Introduction to Nonparametric Regression

Introduction to Nonparametric Regression (Repost)  eBooks & eLearning

Posted by Specialselection at Jan. 22, 2014
Introduction to Nonparametric Regression (Repost)

K. Takezawa, "Introduction to Nonparametric Regression"
English | 2005-11-25 | ISBN: 0471745839 | 557 pages | DJVU | 3.6 mb

Introduction to Linear Regression Analysis (5th Edition)  eBooks & eLearning

Posted by Jeembo at Dec. 21, 2016
Introduction to Linear Regression Analysis (5th Edition)

Introduction to Linear Regression Analysis (5th Edition) by Douglas C. Montgomery, Elizabeth A. Peck, G. Geoffrey Vining
English | 2012 | ISBN: 0470542810 | 672 Pages | PDF | 33.1 MB

Introduction to Linear Regression Analysis, Fifth Edition continues to present both the conventional and less common uses of linear regression in today’s cutting-edge scientific research.
Solutions Manual to Accompany Introduction to Linear Regression Analysis, 5 edition (repost)

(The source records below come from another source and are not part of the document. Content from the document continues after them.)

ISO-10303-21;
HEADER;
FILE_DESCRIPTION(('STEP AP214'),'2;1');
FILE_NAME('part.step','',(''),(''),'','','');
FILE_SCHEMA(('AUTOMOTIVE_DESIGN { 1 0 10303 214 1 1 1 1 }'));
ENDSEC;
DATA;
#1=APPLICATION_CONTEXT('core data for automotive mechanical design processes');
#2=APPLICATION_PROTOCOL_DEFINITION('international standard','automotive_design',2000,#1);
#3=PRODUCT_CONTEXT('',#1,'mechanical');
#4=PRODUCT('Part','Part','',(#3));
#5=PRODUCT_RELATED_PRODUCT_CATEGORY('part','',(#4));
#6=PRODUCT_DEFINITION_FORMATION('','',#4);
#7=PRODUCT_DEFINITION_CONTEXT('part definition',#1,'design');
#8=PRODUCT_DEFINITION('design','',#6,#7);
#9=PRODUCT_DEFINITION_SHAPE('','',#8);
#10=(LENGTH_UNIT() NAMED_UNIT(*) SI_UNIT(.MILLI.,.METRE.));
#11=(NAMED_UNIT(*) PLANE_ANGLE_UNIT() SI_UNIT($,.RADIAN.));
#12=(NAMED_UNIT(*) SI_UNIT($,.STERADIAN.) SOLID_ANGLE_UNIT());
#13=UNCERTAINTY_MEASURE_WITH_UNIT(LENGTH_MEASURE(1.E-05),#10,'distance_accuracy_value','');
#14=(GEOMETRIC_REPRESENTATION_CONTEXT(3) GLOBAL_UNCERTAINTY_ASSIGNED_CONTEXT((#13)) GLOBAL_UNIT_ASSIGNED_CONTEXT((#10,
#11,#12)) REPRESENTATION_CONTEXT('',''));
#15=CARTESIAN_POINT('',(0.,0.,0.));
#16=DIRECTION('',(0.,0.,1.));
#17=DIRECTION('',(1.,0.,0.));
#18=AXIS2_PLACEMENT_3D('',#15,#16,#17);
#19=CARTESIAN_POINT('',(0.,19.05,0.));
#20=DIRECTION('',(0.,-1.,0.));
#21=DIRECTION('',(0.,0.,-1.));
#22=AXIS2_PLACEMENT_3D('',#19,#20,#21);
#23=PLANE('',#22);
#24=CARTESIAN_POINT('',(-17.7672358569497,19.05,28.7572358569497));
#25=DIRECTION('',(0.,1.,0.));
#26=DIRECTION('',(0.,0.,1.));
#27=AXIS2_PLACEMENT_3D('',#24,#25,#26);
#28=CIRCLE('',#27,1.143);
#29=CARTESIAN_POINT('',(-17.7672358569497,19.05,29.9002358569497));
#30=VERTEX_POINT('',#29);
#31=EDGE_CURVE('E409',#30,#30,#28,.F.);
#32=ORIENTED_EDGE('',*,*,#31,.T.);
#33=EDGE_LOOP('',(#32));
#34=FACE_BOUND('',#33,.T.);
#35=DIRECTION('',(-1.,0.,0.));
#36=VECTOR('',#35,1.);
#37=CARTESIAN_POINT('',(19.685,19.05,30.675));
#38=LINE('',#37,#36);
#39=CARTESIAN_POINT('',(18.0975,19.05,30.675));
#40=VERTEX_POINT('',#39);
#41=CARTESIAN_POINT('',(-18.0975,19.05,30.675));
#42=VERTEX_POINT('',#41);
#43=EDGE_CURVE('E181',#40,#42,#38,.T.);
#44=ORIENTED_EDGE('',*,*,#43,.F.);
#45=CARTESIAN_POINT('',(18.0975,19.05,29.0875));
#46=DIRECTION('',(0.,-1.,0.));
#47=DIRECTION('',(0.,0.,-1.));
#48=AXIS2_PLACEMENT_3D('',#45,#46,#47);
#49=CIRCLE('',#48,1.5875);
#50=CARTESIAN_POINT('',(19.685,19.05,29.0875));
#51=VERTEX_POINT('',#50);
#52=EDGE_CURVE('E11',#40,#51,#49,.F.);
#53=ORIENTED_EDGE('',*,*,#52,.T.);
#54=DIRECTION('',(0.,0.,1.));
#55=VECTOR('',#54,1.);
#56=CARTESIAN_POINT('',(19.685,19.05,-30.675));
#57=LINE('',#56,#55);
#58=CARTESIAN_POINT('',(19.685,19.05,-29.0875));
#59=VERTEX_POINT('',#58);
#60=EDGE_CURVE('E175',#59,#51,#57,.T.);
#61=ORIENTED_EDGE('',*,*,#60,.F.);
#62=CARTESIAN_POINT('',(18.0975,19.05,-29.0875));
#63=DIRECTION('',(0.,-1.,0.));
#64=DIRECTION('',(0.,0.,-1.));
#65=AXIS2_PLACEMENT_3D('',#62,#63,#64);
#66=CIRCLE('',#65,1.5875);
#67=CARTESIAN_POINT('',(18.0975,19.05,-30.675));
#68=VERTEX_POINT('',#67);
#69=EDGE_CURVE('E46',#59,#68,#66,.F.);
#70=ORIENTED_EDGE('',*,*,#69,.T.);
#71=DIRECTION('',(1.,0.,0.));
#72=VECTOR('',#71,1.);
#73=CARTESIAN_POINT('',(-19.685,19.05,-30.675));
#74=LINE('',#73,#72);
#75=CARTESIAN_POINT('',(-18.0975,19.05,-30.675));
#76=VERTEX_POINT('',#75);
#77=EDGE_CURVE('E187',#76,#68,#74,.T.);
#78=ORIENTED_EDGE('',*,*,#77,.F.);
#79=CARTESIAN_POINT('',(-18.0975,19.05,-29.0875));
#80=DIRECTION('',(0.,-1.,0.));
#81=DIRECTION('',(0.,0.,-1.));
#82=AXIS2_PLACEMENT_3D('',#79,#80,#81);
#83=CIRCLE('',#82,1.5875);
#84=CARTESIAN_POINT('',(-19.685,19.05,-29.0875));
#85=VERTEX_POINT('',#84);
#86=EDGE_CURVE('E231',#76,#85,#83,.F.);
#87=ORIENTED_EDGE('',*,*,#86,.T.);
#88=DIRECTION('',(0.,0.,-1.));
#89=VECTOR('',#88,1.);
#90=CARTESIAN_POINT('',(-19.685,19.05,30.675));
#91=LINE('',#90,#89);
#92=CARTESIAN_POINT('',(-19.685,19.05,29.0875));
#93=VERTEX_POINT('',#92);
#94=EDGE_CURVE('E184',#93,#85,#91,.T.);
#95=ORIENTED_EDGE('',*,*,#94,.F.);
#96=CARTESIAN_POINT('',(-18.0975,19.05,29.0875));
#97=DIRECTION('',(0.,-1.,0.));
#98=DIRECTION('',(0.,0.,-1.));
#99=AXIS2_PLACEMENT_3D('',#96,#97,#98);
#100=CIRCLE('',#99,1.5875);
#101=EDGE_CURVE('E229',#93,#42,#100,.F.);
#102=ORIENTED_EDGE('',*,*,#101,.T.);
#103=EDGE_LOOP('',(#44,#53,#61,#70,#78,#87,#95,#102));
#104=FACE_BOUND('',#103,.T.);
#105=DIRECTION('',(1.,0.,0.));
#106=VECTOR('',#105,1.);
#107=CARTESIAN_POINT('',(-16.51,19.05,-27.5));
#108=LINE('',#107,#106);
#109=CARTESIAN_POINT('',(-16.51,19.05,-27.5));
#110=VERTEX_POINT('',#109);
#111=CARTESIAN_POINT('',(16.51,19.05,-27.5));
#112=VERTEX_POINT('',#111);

Solutions Manual to Accompany Introduction to Linear Regression Analysis, 5 edition by Ann G. Ryan, Douglas C. Montgomery, Elizabeth A. Peck and G. Geoffrey Vining
English | 2013 | ISBN: 1118471466 | ISBN-13: 9781118471463 | 164 pages | PDF | 45,3 MB

Introduction to Nonparametric Statistics for the Biological Sciences Using R  eBooks & eLearning

Posted by AlenMiler at July 12, 2016
Introduction to Nonparametric Statistics for the Biological Sciences Using R

Introduction to Nonparametric Statistics for the Biological Sciences Using R by Thomas W. MacFarland
English | 13 Aug. 2016 | ISBN: 3319306332 | 348 Pages | PDF (True) | 5.13 MB

This book contains a rich set of tools for nonparametric analyses, and the purpose of this supplemental text is to provide guidance to students and professional researchers on how R is used for nonparametric data analysis in the biological sciences…
Multiple Regression and Beyond: An Introduction to Multiple Regression and Structural Equation Modeling, 2nd Edition

Multiple Regression and Beyond: An Introduction to Multiple Regression and Structural Equation Modeling, 2nd Edition by Timothy Keith
2014 | ISBN: 1138811947, 1138811955 | English | 600 pages | PDF | 5 MB
Solutions Manual to Accompany Introduction to Linear Regression Analysis, 5 edition

Solutions Manual to Accompany Introduction to Linear Regression Analysis, 5 edition by Ann G. Ryan, Douglas C. Montgomery, Elizabeth A. Peck and G. Geoffrey Vining
English | 2013 | ISBN: 1118471466 | ISBN-13: 9781118471463 | 164 pages | PDF | 45,3 MB

As the Solutions Manual, this book is meant to accompany the main title, Introduction to Linear Regression Analysis, Fifth Edition. Clearly balancing theory with applications, this book describes both the conventional and less common uses of linear regression in the practical context of today's mathematical and scientific research.
Extending the Linear Model with R: Generalized Linear, Mixed Effects and Nonparametric Regression Models, Second Edition

Julian J. Faraway, "Extending the Linear Model with R: Generalized Linear, Mixed Effects and Nonparametric Regression Models, Second Edition"
English | ISBN: 149872096X | 2017 | 413 pages | PDF | 43 MB

A Gentle Introduction to Stata, Fourth Edition (repost)  eBooks & eLearning

Posted by interes at Feb. 19, 2017
A Gentle Introduction to Stata, Fourth Edition (repost)

A Gentle Introduction to Stata, Fourth Edition by Alan C. Acock
English | 2014 | ISBN: 1597181420 | 500 pages | PDF | 6,4 MB
Multivariate Nonparametric Regression and Visualization: With R and Applications to Finance (repost)

Multivariate Nonparametric Regression and Visualization: With R and Applications to Finance by Jussi Klemelä
English | 2014 | ISBN: 0470384425 | ISBN-13: 9780470384428 | 396 pages | PDF | 19,8 MB

Introduction to QGIS Python Programming  eBooks & eLearning

Posted by FenixN at Dec. 3, 2016
Introduction to QGIS Python Programming

Introduction to QGIS Python Programming
HDRips | MP4/AVC, ~611 kb/s | 1280x720 | Duration: 03:32:55 | English: AAC, 128 kb/s (2 ch) | 777 MB
Genre: Development / Programming

Learn how to analyze and display geospatial information using QGIS and Python.